[[ Material to process, beginning ]]

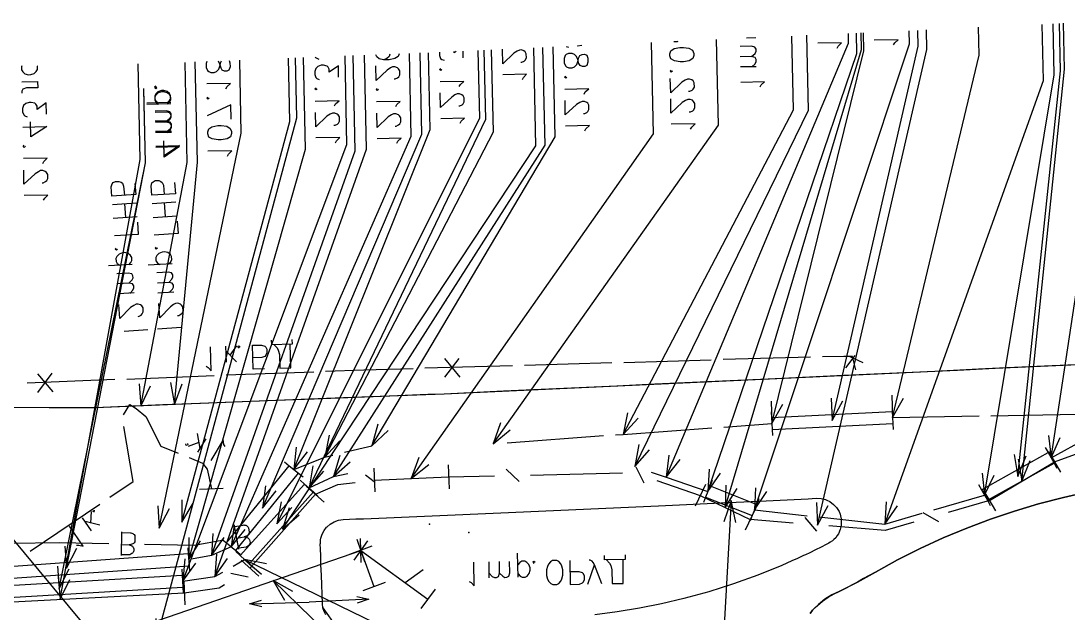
# Model space of a CAD drawing. Header units: metres. Extents: x 131 to 658, y 22 to 173.
# Drawn here: x 422.42 to 468.47, y 128.44 to 154.46 of the extents above; entities that cross this region are included whole.
import ezdxf

# ---------------------------------------------------------------- set-up
doc = ezdxf.new("R2010")
doc.units = ezdxf.units.M
for name, color, linetype in [('BOUNDARY', 7, 'Continuous'), ('ELECTR_CABLE', 7, 'Continuous'), ('ELECTR_CABLE_COMM', 7, 'Continuous'), ('GRASS', 7, 'Continuous'), ('OVERHEAD_POWER_LINE', 7, 'Continuous'), ('SEWER', 7, 'Continuous'), ('SIDEWALK_PATH', 7, 'Continuous'), ('TREE', 7, 'Continuous'), ('WATER_PIPELINE', 7, 'Continuous')]:
    doc.layers.add(name, color=color, linetype=linetype)

msp = doc.modelspace()

# ---------------------------------------------------------------- linework, layer by layer
at = {"layer": 'BOUNDARY'}
msp.add_lwpolyline([(420.334, 137.485), (423.663, 137.474), (425.328, 137.474), (425.705, 137.474), (425.705, 137.474), (428.657, 137.596), (430.321, 137.652), (433.65, 137.785), (435.315, 137.851), (438.644, 137.985), (440.308, 138.051), (441.03, 138.073), (441.03, 138.073), (443.637, 138.195), (445.302, 138.273), (448.631, 138.428), (450.296, 138.506), (453.613, 138.65), (455.278, 138.728), (458.607, 138.883), (460.272, 138.961), (462.602, 139.061), (462.602, 139.061), (463.601, 139.116), (465.265, 139.194), (468.594, 139.349)], dxfattribs=at)
at = {"layer": 'ELECTR_CABLE'}
for points in [[(460.471, 133.324), (460.405, 132.347), (467.385, 151.844), (467.331, 154.307)], [(464.688, 134.589), (464.788, 133.612), (467.862, 152.089), (467.815, 154.329)], [(466.097, 135.399), (466.253, 134.434), (468.128, 152.266), (468.083, 154.344)], [(467.606, 136.231), (467.717, 135.255), (470.314, 152.366), (470.279, 154.456)], [(449.596, 135.843), (449.419, 134.877), (457.053, 150.535), (456.982, 153.824)], [(452.681, 134.755), (452.626, 133.779), (459.184, 153.032), (459.165, 153.926)], [(454.723, 133.945), (454.679, 132.969), (461.492, 153.453), (461.48, 154.027)], [(455.411, 137.74), (455.433, 136.764), (459.484, 153.143), (459.467, 153.94)], [(458.052, 137.874), (458.097, 136.897), (461.881, 153.342), (461.866, 154.043)], [(460.715, 138.007), (460.749, 137.03), (464.555, 152.954), (464.529, 154.176)], [(443.504, 136.797), (443.183, 135.865), (453.092, 149.88), (453.011, 153.639)], [(446.395, 153.34), (446.5, 153.298)], [(447.083, 153.373), (446.889, 153.354), (446.902, 153.364)], [(449.097, 137.241), (448.897, 136.287), (456.388, 150.546), (456.319, 153.793)], [(451.131, 153.557), (451.139, 153.553), (451.294, 153.553), (451.32, 153.565)], [(458.318, 153.265), (458.363, 153.354), (458.363, 153.354), (458.507, 153.498), (458.507, 153.498), (457.464, 153.476)], [(460.793, 153.409), (460.849, 153.498), (460.849, 153.498), (460.993, 153.631), (460.993, 153.631), (459.939, 153.609)], [(429.622, 130.816), (429.534, 129.84), (436.758, 149.026), (436.673, 152.918)], [(430.865, 131.937), (430.799, 130.96), (437.124, 148.748), (437.033, 152.932)], [(431.02, 131.016), (430.943, 130.039), (437.623, 148.815), (437.535, 152.952)], [(431.797, 132.314), (431.664, 131.349), (439.587, 149.392), (439.508, 153.031)], [(433.173, 134.023), (433.04, 133.046), (440.053, 149.481), (439.977, 153.048)], [(433.861, 133.324), (433.673, 132.358), (442.594, 150.18), (442.529, 153.16)], [(434.527, 135.721), (434.416, 134.744), (440.419, 149.692), (440.348, 153.059)], [(435.259, 134.9), (435.093, 133.934), (442.861, 150.136), (442.797, 153.172)], [(435.981, 136.253), (435.781, 135.288), (443.194, 149.581), (443.118, 153.187)], [(436.447, 135.366), (436.158, 134.434), (445.468, 148.993), (445.376, 153.293)], [(438.111, 136.731), (437.856, 135.787), (445.912, 149.359), (445.824, 153.314)], [(438.367, 152.754), (438.167, 152.788), (438.067, 152.876), (438.027, 152.972)], [(439.048, 153.013), (439.01, 152.899), (438.866, 152.81), (438.611, 152.754), (438.367, 152.754)], [(438.644, 152.997), (438.611, 152.888), (438.511, 152.799), (438.367, 152.754)], [(440.819, 153.08), (440.819, 152.943), (440.874, 152.81), (440.93, 152.765), (441.03, 152.732)], [(441.558, 153.114), (441.474, 153.054), (441.469, 153.11)], [(441.873, 152.832), (441.866, 153.129)], [(444.403, 152.643), (444.448, 152.643), (444.448, 152.643), (444.547, 152.688), (444.547, 152.688), (444.592, 152.732), (444.592, 152.732), (444.647, 152.832), (444.647, 152.832), (444.636, 153.01), (444.636, 153.01), (444.592, 153.098), (444.592, 153.098), (444.536, 153.143), (444.536, 153.143), (444.436, 153.187), (444.436, 153.187), (444.337, 153.176), (444.337, 153.176), (444.237, 153.132), (444.237, 153.132), (444.092, 153.043), (444.092, 153.043), (443.604, 152.577), (443.604, 152.577), (443.593, 153.209)], [(447.355, 152.643), (447.31, 152.499), (447.31, 152.499), (447.211, 152.455), (447.211, 152.455), (447.111, 152.455), (447.111, 152.455), (447.011, 152.499), (447.011, 152.499), (446.955, 152.588), (446.955, 152.588), (446.911, 152.765), (446.911, 152.765), (446.856, 152.899), (446.856, 152.899), (446.756, 152.987), (446.756, 152.987), (446.656, 153.032), (446.656, 153.032), (446.5, 153.021), (446.5, 153.021), (446.401, 152.976), (446.401, 152.976), (446.356, 152.932), (446.356, 152.932), (446.312, 152.799), (446.312, 152.799), (446.312, 152.621), (446.312, 152.621), (446.367, 152.488), (446.367, 152.488), (446.412, 152.444), (446.412, 152.444), (446.512, 152.399), (446.512, 152.399), (446.667, 152.399), (446.667, 152.399), (446.767, 152.444), (446.767, 152.444), (446.867, 152.544), (446.867, 152.544), (446.911, 152.677), (446.911, 152.677), (446.955, 152.854), (446.955, 152.854), (447, 152.943), (447, 152.943), (447.1, 152.987), (447.1, 152.987), (447.2, 152.998), (447.2, 152.998), (447.299, 152.954), (447.299, 152.954), (447.355, 152.821), (447.355, 152.821), (447.355, 152.643)], [(452.004, 152.943), (451.96, 152.81), (451.96, 152.81), (451.805, 152.71), (451.805, 152.71), (451.561, 152.666), (451.561, 152.666), (451.405, 152.654), (451.405, 152.654), (451.161, 152.699), (451.161, 152.699), (451.006, 152.788), (451.006, 152.788), (450.95, 152.921), (450.95, 152.921), (450.95, 153.01), (450.95, 153.01), (450.995, 153.143), (450.995, 153.143), (451.15, 153.243), (451.15, 153.243), (451.394, 153.287), (451.394, 153.287), (451.549, 153.287), (451.549, 153.287), (451.794, 153.254), (451.794, 153.254), (451.949, 153.165), (451.949, 153.165), (452.004, 153.032), (452.004, 153.032), (452.004, 152.943)], [(427.614, 138.506), (427.691, 137.53), (429.733, 148.238), (429.638, 152.637)], [(428.357, 128.197), (428.368, 127.21), (434.549, 150.191), (434.493, 152.831)], [(428.435, 133.146), (428.501, 132.17), (432.108, 149.525), (432.039, 152.732)], [(428.99, 138.562), (429.167, 137.596), (430.188, 148.249), (430.089, 152.654)], [(429.489, 133.413), (429.5, 132.436), (434.25, 150.036), (434.19, 152.818)], [(429.8, 131.759), (429.8, 130.783), (434.938, 148.826), (434.853, 152.845)], [(430.594, 152.675), (430.566, 152.588), (430.566, 152.41), (430.621, 152.277), (430.676, 152.233), (430.776, 152.188), (430.921, 152.188), (431.02, 152.233), (431.12, 152.333), (431.165, 152.466), (431.177, 152.515)], [(431.177, 152.515), (431.165, 152.555), (431.109, 152.688), (431.101, 152.695)], [(431.177, 152.515), (431.209, 152.643), (431.245, 152.701)], [(431.62, 152.433), (431.564, 152.288), (431.475, 152.244), (431.376, 152.244), (431.265, 152.288), (431.22, 152.377), (431.177, 152.515)], [(431.574, 152.714), (431.609, 152.61), (431.62, 152.433)], [(436.391, 151.978), (436.38, 152.477), (436.38, 152.477), (435.981, 152.2), (435.981, 152.2), (435.981, 152.333), (435.981, 152.333), (435.925, 152.421), (435.925, 152.421), (435.881, 152.466), (435.881, 152.466), (435.725, 152.51), (435.725, 152.51), (435.626, 152.51), (435.626, 152.51), (435.481, 152.455), (435.481, 152.455), (435.381, 152.366), (435.381, 152.366), (435.337, 152.233), (435.337, 152.233), (435.337, 152.1), (435.337, 152.1), (435.393, 151.966), (435.393, 151.966), (435.437, 151.922), (435.437, 151.922), (435.537, 151.878)], [(435.366, 152.865), (435.37, 152.854), (435.426, 152.821), (435.526, 152.777)], [(438.833, 151.911), (438.877, 151.911), (438.877, 151.911), (438.977, 151.955), (438.977, 151.955), (439.032, 152), (439.032, 152), (439.077, 152.089), (439.077, 152.089), (439.077, 152.266), (439.077, 152.266), (439.021, 152.355), (439.021, 152.355), (438.977, 152.399), (438.977, 152.399), (438.866, 152.444), (438.866, 152.444), (438.766, 152.444), (438.766, 152.444), (438.677, 152.399), (438.677, 152.399), (438.522, 152.299), (438.522, 152.299), (438.034, 151.844), (438.034, 151.844), (438.023, 152.477)], [(440.93, 152.322), (440.885, 152.277), (440.885, 152.277), (440.83, 152.322), (440.83, 152.322), (440.885, 152.366)], [(444.47, 151.878), (444.514, 151.966), (444.514, 151.966), (444.658, 152.111), (444.658, 152.111), (443.615, 152.089)], [(446.423, 151.989), (446.378, 151.944), (446.378, 151.944), (446.323, 151.989), (446.323, 151.989), (446.378, 152.033)], [(451.072, 152.244), (451.017, 152.2), (451.017, 152.2), (450.972, 152.244), (450.972, 152.244), (451.017, 152.288)], [(428.391, 151.567), (428.346, 151.523), (428.346, 151.523), (428.291, 151.567), (428.291, 151.567), (428.346, 151.611)], [(428.402, 151.523), (428.346, 151.478), (428.346, 151.478), (428.302, 151.523), (428.302, 151.523), (428.346, 151.567)], [(431.431, 151.478), (431.487, 151.578), (431.487, 151.578), (431.631, 151.711), (431.631, 151.711), (430.588, 151.689)], [(435.448, 151.467), (435.404, 151.423), (435.404, 151.423), (435.348, 151.467), (435.348, 151.467), (435.404, 151.512)], [(441.696, 151.578), (441.751, 151.667), (441.751, 151.667), (441.895, 151.8), (441.895, 151.8), (440.852, 151.778)], [(451.783, 151.367), (451.838, 151.367), (451.838, 151.367), (451.938, 151.412), (451.938, 151.412), (451.982, 151.456), (451.982, 151.456), (452.038, 151.545), (452.038, 151.545), (452.027, 151.733), (452.027, 151.733), (451.982, 151.822), (451.982, 151.822), (451.927, 151.867), (451.927, 151.867), (451.827, 151.9), (451.827, 151.9), (451.727, 151.9), (451.727, 151.9), (451.627, 151.856), (451.627, 151.856), (451.483, 151.767), (451.483, 151.767), (450.995, 151.301), (450.995, 151.301), (450.972, 151.933)], [(424.03, 130.494), (424.096, 129.518), (424.096, 129.518), (427.891, 148.216), (427.891, 148.216), (427.825, 151.445)], [(424.351, 131.382), (424.429, 130.405), (424.429, 130.405), (427.891, 148.216), (427.891, 148.216), (427.825, 151.489)], [(428.857, 150.857), (428.956, 150.957), (428.956, 150.957), (429.012, 151.045), (429.012, 151.045), (429.001, 151.179), (429.001, 151.179), (428.956, 151.267), (428.956, 151.267), (428.846, 151.356), (428.846, 151.356), (428.701, 151.401), (428.701, 151.401), (428.601, 151.401), (428.601, 151.401), (428.446, 151.345), (428.446, 151.345), (428.357, 151.256), (428.357, 151.256), (428.302, 151.168), (428.302, 151.168), (428.313, 151.034), (428.313, 151.034), (428.357, 150.946), (428.357, 150.946), (428.457, 150.857)], [(428.857, 150.812), (428.956, 150.901), (428.956, 150.901), (429.012, 150.99), (429.012, 150.99), (429.001, 151.134), (429.001, 151.134), (428.956, 151.223), (428.956, 151.223), (428.857, 151.301), (428.857, 151.301), (428.701, 151.345), (428.701, 151.345), (428.601, 151.345), (428.601, 151.345), (428.457, 151.301), (428.457, 151.301), (428.357, 151.201), (428.357, 151.201), (428.302, 151.112), (428.302, 151.112), (428.313, 150.979), (428.313, 150.979), (428.357, 150.89), (428.357, 150.89), (428.457, 150.801)], [(430.699, 151.057), (430.643, 151.012), (430.643, 151.012), (430.599, 151.057), (430.599, 151.057), (430.643, 151.101)], [(438.145, 151.445), (438.089, 151.401), (438.089, 151.401), (438.045, 151.445), (438.045, 151.445), (438.089, 151.489)], [(441.673, 150.724), (441.718, 150.724), (441.718, 150.724), (441.818, 150.768), (441.818, 150.768), (441.862, 150.812), (441.862, 150.812), (441.917, 150.901), (441.917, 150.901), (441.906, 151.079), (441.906, 151.079), (441.862, 151.168), (441.862, 151.168), (441.807, 151.212), (441.807, 151.212), (441.707, 151.256), (441.707, 151.256), (441.607, 151.256), (441.607, 151.256), (441.507, 151.212), (441.507, 151.212), (441.363, 151.112), (441.363, 151.112), (440.874, 150.657), (440.874, 150.657), (440.852, 151.29)], [(447.188, 151.245), (447.233, 151.334), (447.233, 151.334), (447.388, 151.467), (447.388, 151.467), (446.334, 151.445)], [(451.805, 150.468), (451.86, 150.468), (451.86, 150.468), (451.96, 150.513), (451.96, 150.513), (452.004, 150.557), (452.004, 150.557), (452.049, 150.646), (452.049, 150.646), (452.049, 150.835), (452.049, 150.835), (451.993, 150.923), (451.993, 150.923), (451.949, 150.968), (451.949, 150.968), (451.849, 151.001), (451.849, 151.001), (451.749, 151.001), (451.749, 151.001), (451.649, 150.957), (451.649, 150.957), (451.494, 150.868), (451.494, 150.868), (451.006, 150.402), (451.006, 150.402), (450.995, 151.034)], [(429.012, 150.868), (427.958, 150.846)], [(429.012, 150.812), (427.958, 150.79)], [(431.664, 150.136), (431.653, 150.768), (431.653, 150.768), (430.61, 150.291)], [(436.214, 150.724), (436.258, 150.812), (436.258, 150.812), (436.413, 150.946), (436.413, 150.946), (435.359, 150.923)], [(438.91, 150.69), (438.955, 150.79), (438.955, 150.79), (439.099, 150.923), (439.099, 150.923), (438.056, 150.901)], [(447.155, 150.391), (447.211, 150.391), (447.211, 150.391), (447.31, 150.435), (447.31, 150.435), (447.355, 150.48), (447.355, 150.48), (447.399, 150.568), (447.399, 150.568), (447.399, 150.757), (447.399, 150.757), (447.344, 150.846), (447.344, 150.846), (447.299, 150.879), (447.299, 150.879), (447.2, 150.923), (447.2, 150.923), (447.1, 150.923), (447.1, 150.923), (447, 150.879), (447, 150.879), (446.844, 150.79), (446.844, 150.79), (446.356, 150.324), (446.356, 150.324), (446.345, 150.957)], [(428.823, 150.058), (428.979, 150.191), (428.979, 150.191), (429.023, 150.28), (429.023, 150.28), (429.023, 150.369), (429.023, 150.369), (428.968, 150.457), (428.968, 150.457), (428.823, 150.502), (428.823, 150.502), (428.324, 150.491)], [(428.834, 150.002), (428.979, 150.136), (428.979, 150.136), (429.023, 150.235), (429.023, 150.235), (429.023, 150.324), (429.023, 150.324), (428.968, 150.413), (428.968, 150.413), (428.823, 150.446), (428.823, 150.446), (428.324, 150.435)], [(436.18, 149.869), (436.236, 149.869), (436.236, 149.869), (436.336, 149.914), (436.336, 149.914), (436.38, 149.958), (436.38, 149.958), (436.425, 150.047), (436.425, 150.047), (436.425, 150.235), (436.425, 150.235), (436.369, 150.324), (436.369, 150.324), (436.325, 150.357), (436.325, 150.357), (436.225, 150.402), (436.225, 150.402), (436.125, 150.402), (436.125, 150.402), (436.025, 150.357), (436.025, 150.357), (435.87, 150.269), (435.87, 150.269), (435.381, 149.803), (435.381, 149.803), (435.37, 150.435)], [(438.877, 149.836), (438.921, 149.836), (438.921, 149.836), (439.021, 149.891), (439.021, 149.891), (439.077, 149.936), (439.077, 149.936), (439.121, 150.025), (439.121, 150.025), (439.121, 150.202), (439.121, 150.202), (439.066, 150.291), (439.066, 150.291), (439.021, 150.335), (439.021, 150.335), (438.91, 150.38), (438.91, 150.38), (438.81, 150.38), (438.81, 150.38), (438.722, 150.335), (438.722, 150.335), (438.566, 150.235), (438.566, 150.235), (438.078, 149.78), (438.078, 149.78), (438.067, 150.402)], [(441.74, 149.958), (441.784, 150.047), (441.784, 150.047), (441.929, 150.18), (441.929, 150.18), (440.885, 150.158)], [(428.834, 149.603), (428.99, 149.736), (428.99, 149.736), (429.034, 149.836), (429.034, 149.836), (429.034, 149.925), (429.034, 149.925), (428.979, 150.013), (428.979, 150.013), (428.823, 150.058), (428.823, 150.058), (428.324, 150.047)], [(428.834, 149.547), (428.99, 149.692), (428.99, 149.692), (429.034, 149.78), (429.034, 149.78), (429.034, 149.869), (429.034, 149.869), (428.979, 149.958), (428.979, 149.958), (428.834, 150.002), (428.834, 150.002), (428.335, 149.991)], [(431.675, 149.514), (431.631, 149.37), (431.631, 149.37), (431.487, 149.281), (431.487, 149.281), (431.231, 149.226), (431.231, 149.226), (431.087, 149.226), (431.087, 149.226), (430.832, 149.27), (430.832, 149.27), (430.688, 149.348), (430.688, 149.348), (430.632, 149.492), (430.632, 149.492), (430.632, 149.581), (430.632, 149.581), (430.676, 149.714), (430.676, 149.714), (430.821, 149.803), (430.821, 149.803), (431.076, 149.858), (431.076, 149.858), (431.22, 149.858), (431.22, 149.858), (431.475, 149.825), (431.475, 149.825), (431.62, 149.736), (431.62, 149.736), (431.675, 149.603), (431.675, 149.603), (431.675, 149.514)], [(447.222, 149.625), (447.266, 149.714), (447.266, 149.714), (447.421, 149.858), (447.421, 149.858), (446.367, 149.836)], [(451.871, 149.703), (451.916, 149.792), (451.916, 149.792), (452.071, 149.936), (452.071, 149.936), (451.017, 149.914)], [(429.034, 149.603), (428.335, 149.592)], [(429.034, 149.558), (428.335, 149.547)], [(428.357, 148.959), (429.4, 148.981), (429.4, 148.981), (428.712, 148.526), (428.712, 148.526), (428.701, 149.192)], [(436.247, 149.104), (436.303, 149.192), (436.303, 149.192), (436.447, 149.337), (436.447, 149.337), (435.393, 149.314)], [(438.944, 149.081), (438.988, 149.17), (438.988, 149.17), (439.143, 149.303), (439.143, 149.303), (438.089, 149.281)], [(428.357, 148.915), (429.4, 148.937), (429.4, 148.937), (428.712, 148.471), (428.712, 148.471), (428.701, 149.148)], [(431.498, 148.515), (431.553, 148.604), (431.553, 148.604), (431.697, 148.748), (431.697, 148.748), (430.643, 148.726)], [(427.436, 147.317), (427.47, 146.829), (427.47, 146.829), (426.415, 146.762), (426.415, 146.762), (426.393, 147.162), (426.393, 147.162), (426.438, 147.295), (426.438, 147.295), (426.482, 147.35), (426.482, 147.35), (426.582, 147.395), (426.582, 147.395), (426.726, 147.406), (426.726, 147.406), (426.826, 147.372), (426.826, 147.372), (426.881, 147.328), (426.881, 147.328), (426.937, 147.195), (426.937, 147.195), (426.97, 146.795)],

[[ Material to process, end ]]

• _Task statement_: Only the lines above starting at the line that holds "for name, color, linetype" and ending at the line that holds "msp = doc.modelspace()" are to be repeated, exactly and in full.

• _Answer to the problem_:
for name, color, linetype in [('BOUNDARY', 7, 'Continuous'), ('ELECTR_CABLE', 7, 'Continuous'), ('ELECTR_CABLE_COMM', 7, 'Continuous'), ('GRASS', 7, 'Continuous'), ('OVERHEAD_POWER_LINE', 7, 'Continuous'), ('SEWER', 7, 'Continuous'), ('SIDEWALK_PATH', 7, 'Continuous'), ('TREE', 7, 'Continuous'), ('WATER_PIPELINE', 7, 'Continuous')]:
    doc.layers.add(name, color=color, linetype=linetype)

msp = doc.modelspace()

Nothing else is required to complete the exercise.